A comparison of the two most frequent sentences from ChatGPT and respondents revealed that AI-generated sentences tended to be more complex and informative, whereas humans typically used simpler and shorter sentences when interacting with a voice chatbot (
Figure 7). In the Human response parse tree, S represents the sentence, VP represents the verb phrase, VB represents the verb, NP represents the noun phrase, and det represents the determiner. In the ChatGPT parse tree, S represents the sentence, VP represents the verb phrase, VB represents the verb, NP represents the noun phrase, det represents the determiner, VBZ represents the linking verb, and AdvP represents the adverb phrase. In the first sentence, “Show me the Pyramid of Giza”, the VP consists of only one verb “Show”, whereas in the second sentence “Show me where the Pyramid of Giza is”, the VP consists of two verbs “Show” and “is”, with a subordinate clause “where the Pyramid of Giza is” acting as the complement of the verb “Show”. This difference in the VP’s complexity reflects that the second sentence conveys more information since an AI generates it.

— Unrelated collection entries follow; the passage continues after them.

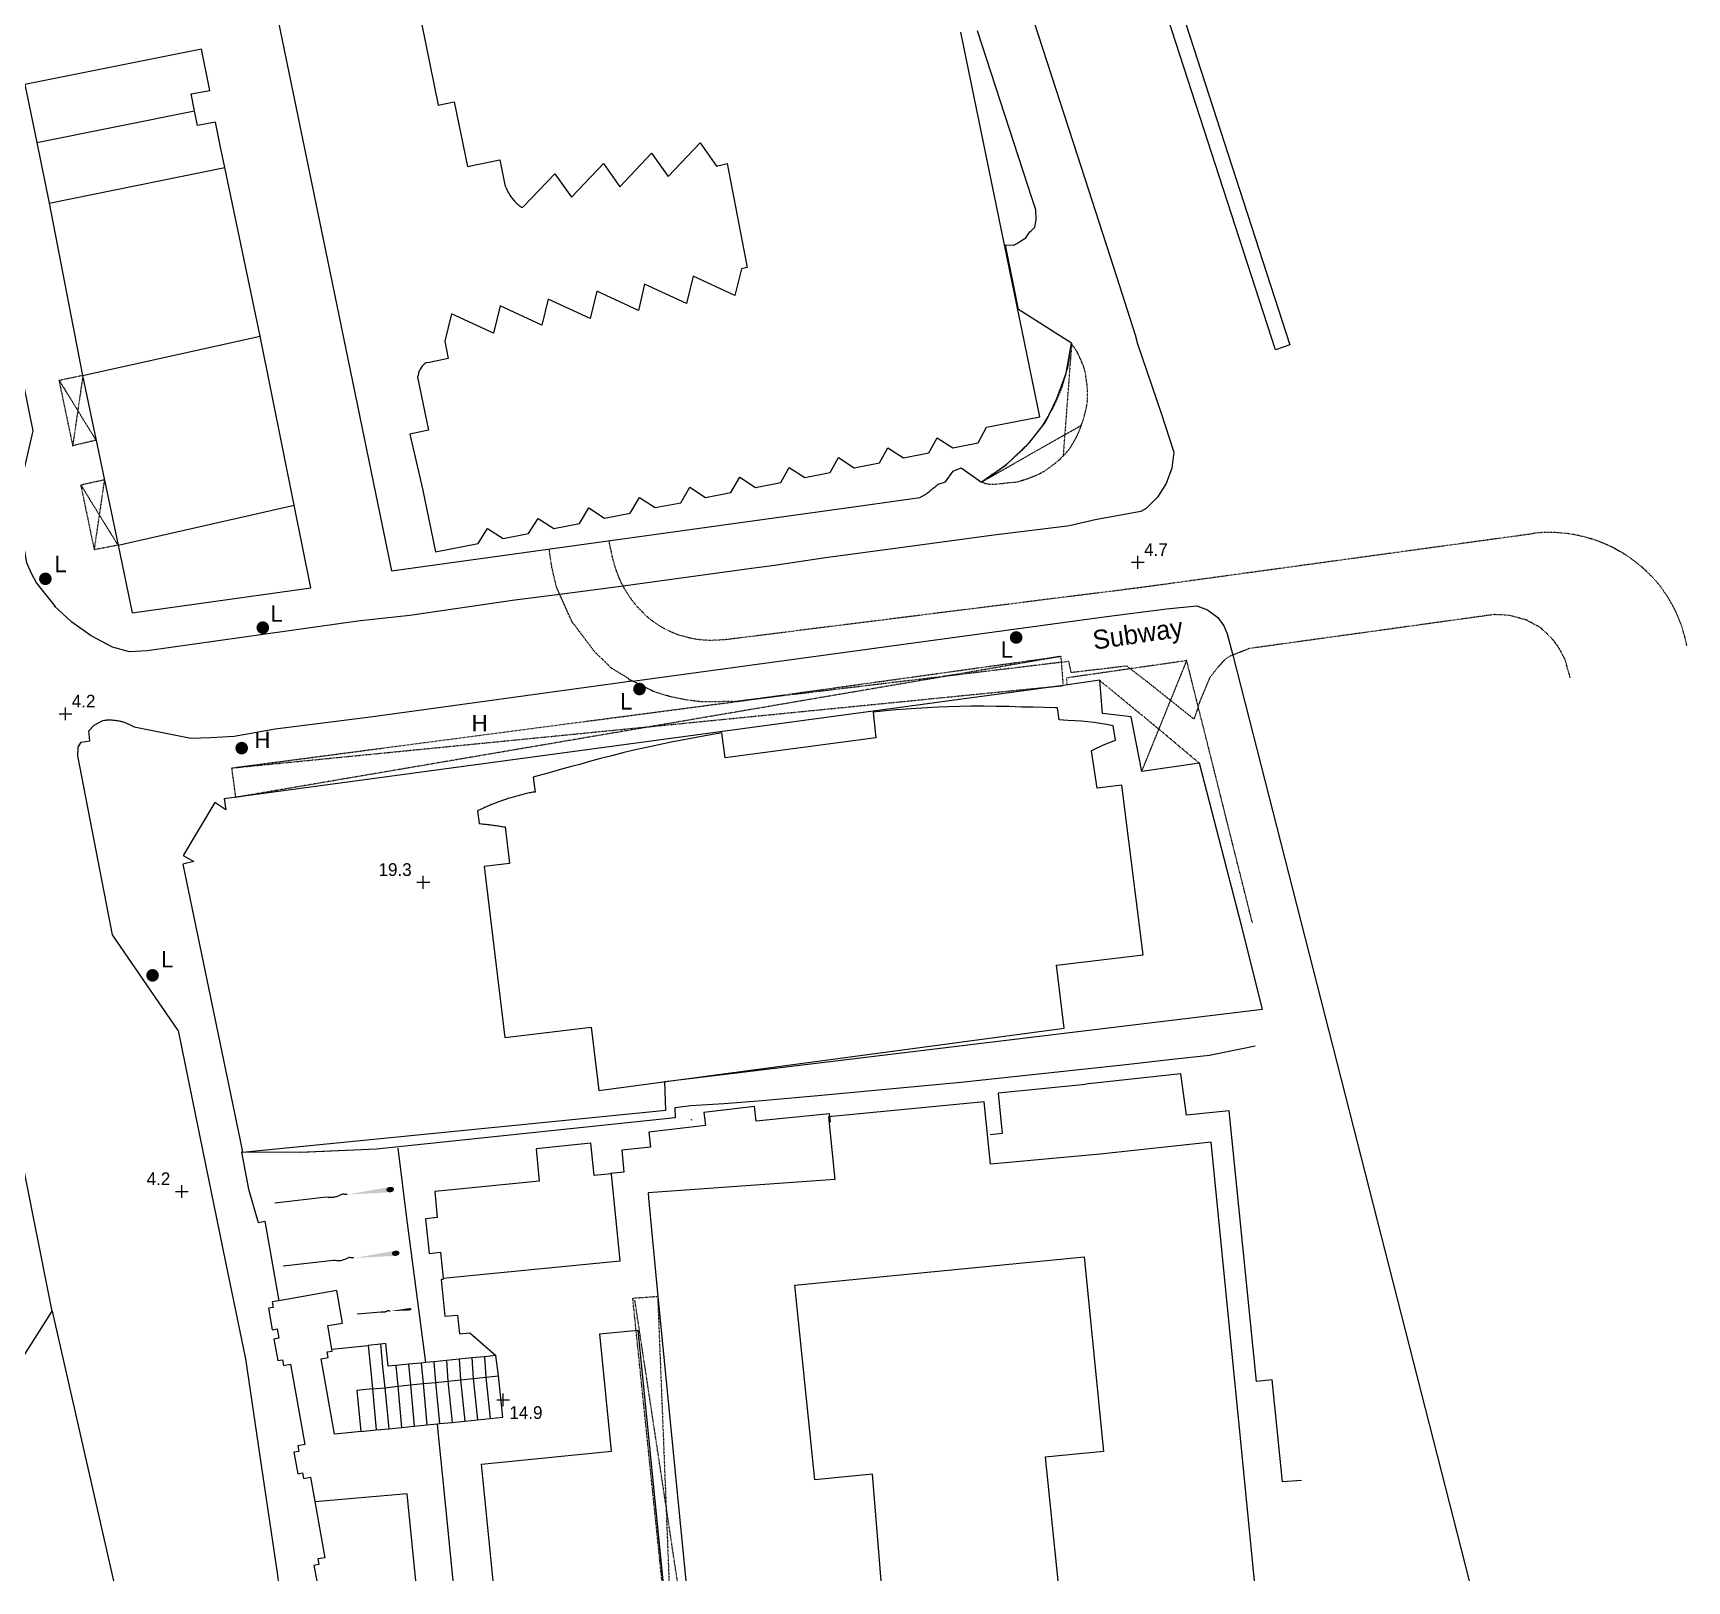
# Model space of a CAD drawing. Header units: millimetres. Extents: x 833924389 to 835767163, y 817400000 to 818811854.
# Drawn here: x 835482890 to 835612924, y 817400000 to 817521638 of the extents above; entities that cross this region are included whole.
import ezdxf
from ezdxf.enums import TextEntityAlignment as Align

# ---------------------------------------------------------------- set-up
doc = ezdxf.new("R2010")
doc.units = ezdxf.units.MM
doc.header["$LTSCALE"] = 10
doc.header["$MEASUREMENT"] = 0
doc.linetypes.add('11SW4B$1$DGN Style 5', pattern=[1.174922, 0.503538, -0.671384])
doc.layers.add('01_Base_Plan', color=5, linetype='Continuous', lineweight=5)
doc.styles.add('11SW4B$0$Style-ENGINEERING', font='ENGINEERING.shx')
doc.styles.add('11SW4B$0$Style-WORKING', font='WORKING.shx')

# ---------------------------------------------------------------- blocks, each defined once
blk = doc.blocks.new('11SW4B$0$SPOTHT')
at = {"layer": '01_Base_Plan', "linetype": 'Continuous', "lineweight": 13}
for p, q in [((-0.5, 0), (0.5, 0)), ((0, -0.5), (0, 0.5))]:
    blk.add_line(p, q, dxfattribs=at)
blk = doc.blocks.new('11SW4B$0$UTILP')
at = {"layer": '01_Base_Plan', "linetype": 'Continuous', "lineweight": 13}
h = blk.add_hatch(color=256, dxfattribs=at)
edge = h.paths.add_edge_path()
edge.add_arc((0, 0), 0.5, 0, 360)
blk = doc.blocks.new('11SW4B$0$UTIFH')
at = {"layer": '01_Base_Plan', "linetype": 'Continuous', "lineweight": 13}
h = blk.add_hatch(color=256, dxfattribs=at)
edge = h.paths.add_edge_path()
edge.add_arc((0, 0), 0.5, 0, 360)

msp = doc.modelspace()

# ---------------------------------------------------------------- hatches: boundary and pattern name
at = {"layer": '01_Base_Plan', "linetype": 'Continuous'}
h = msp.add_hatch(color=256, dxfattribs=at)
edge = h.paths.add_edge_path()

Our comparison between ChatGPT’s responses and those collected from human respondents highlighted similarities and differences. In most cases, the frequency of verb and word usage was similar. However, the complexity of sentence structures showed that humans tend to interact with virtual assistants more generally and simply. This tendency might be due to ease of use, limited time or patience, and advancements in natural language processing and machine learning that enable virtual assistants to comprehend and respond effectively to general queries. The comparison between the percentage of the probability of terminologies’ appearance among the two sources (ChatGPT and Survey) for the mutual words has been visualised in
Figure 8.
To drive the implementation of our interactive map, we utilised two primary sources of information: the survey and the responses garnered through ChatGPT. The survey gave us insights into users’ linguistic preferences and terminologies when interacting with geospatial data. On the other hand, ChatGPT, with its vast database of natural language interactions, offered a broader understanding of likely voice command structures and terminologies. By combining the findings from both the survey and ChatGPT, we were able to develop our interactive map’s voice interface.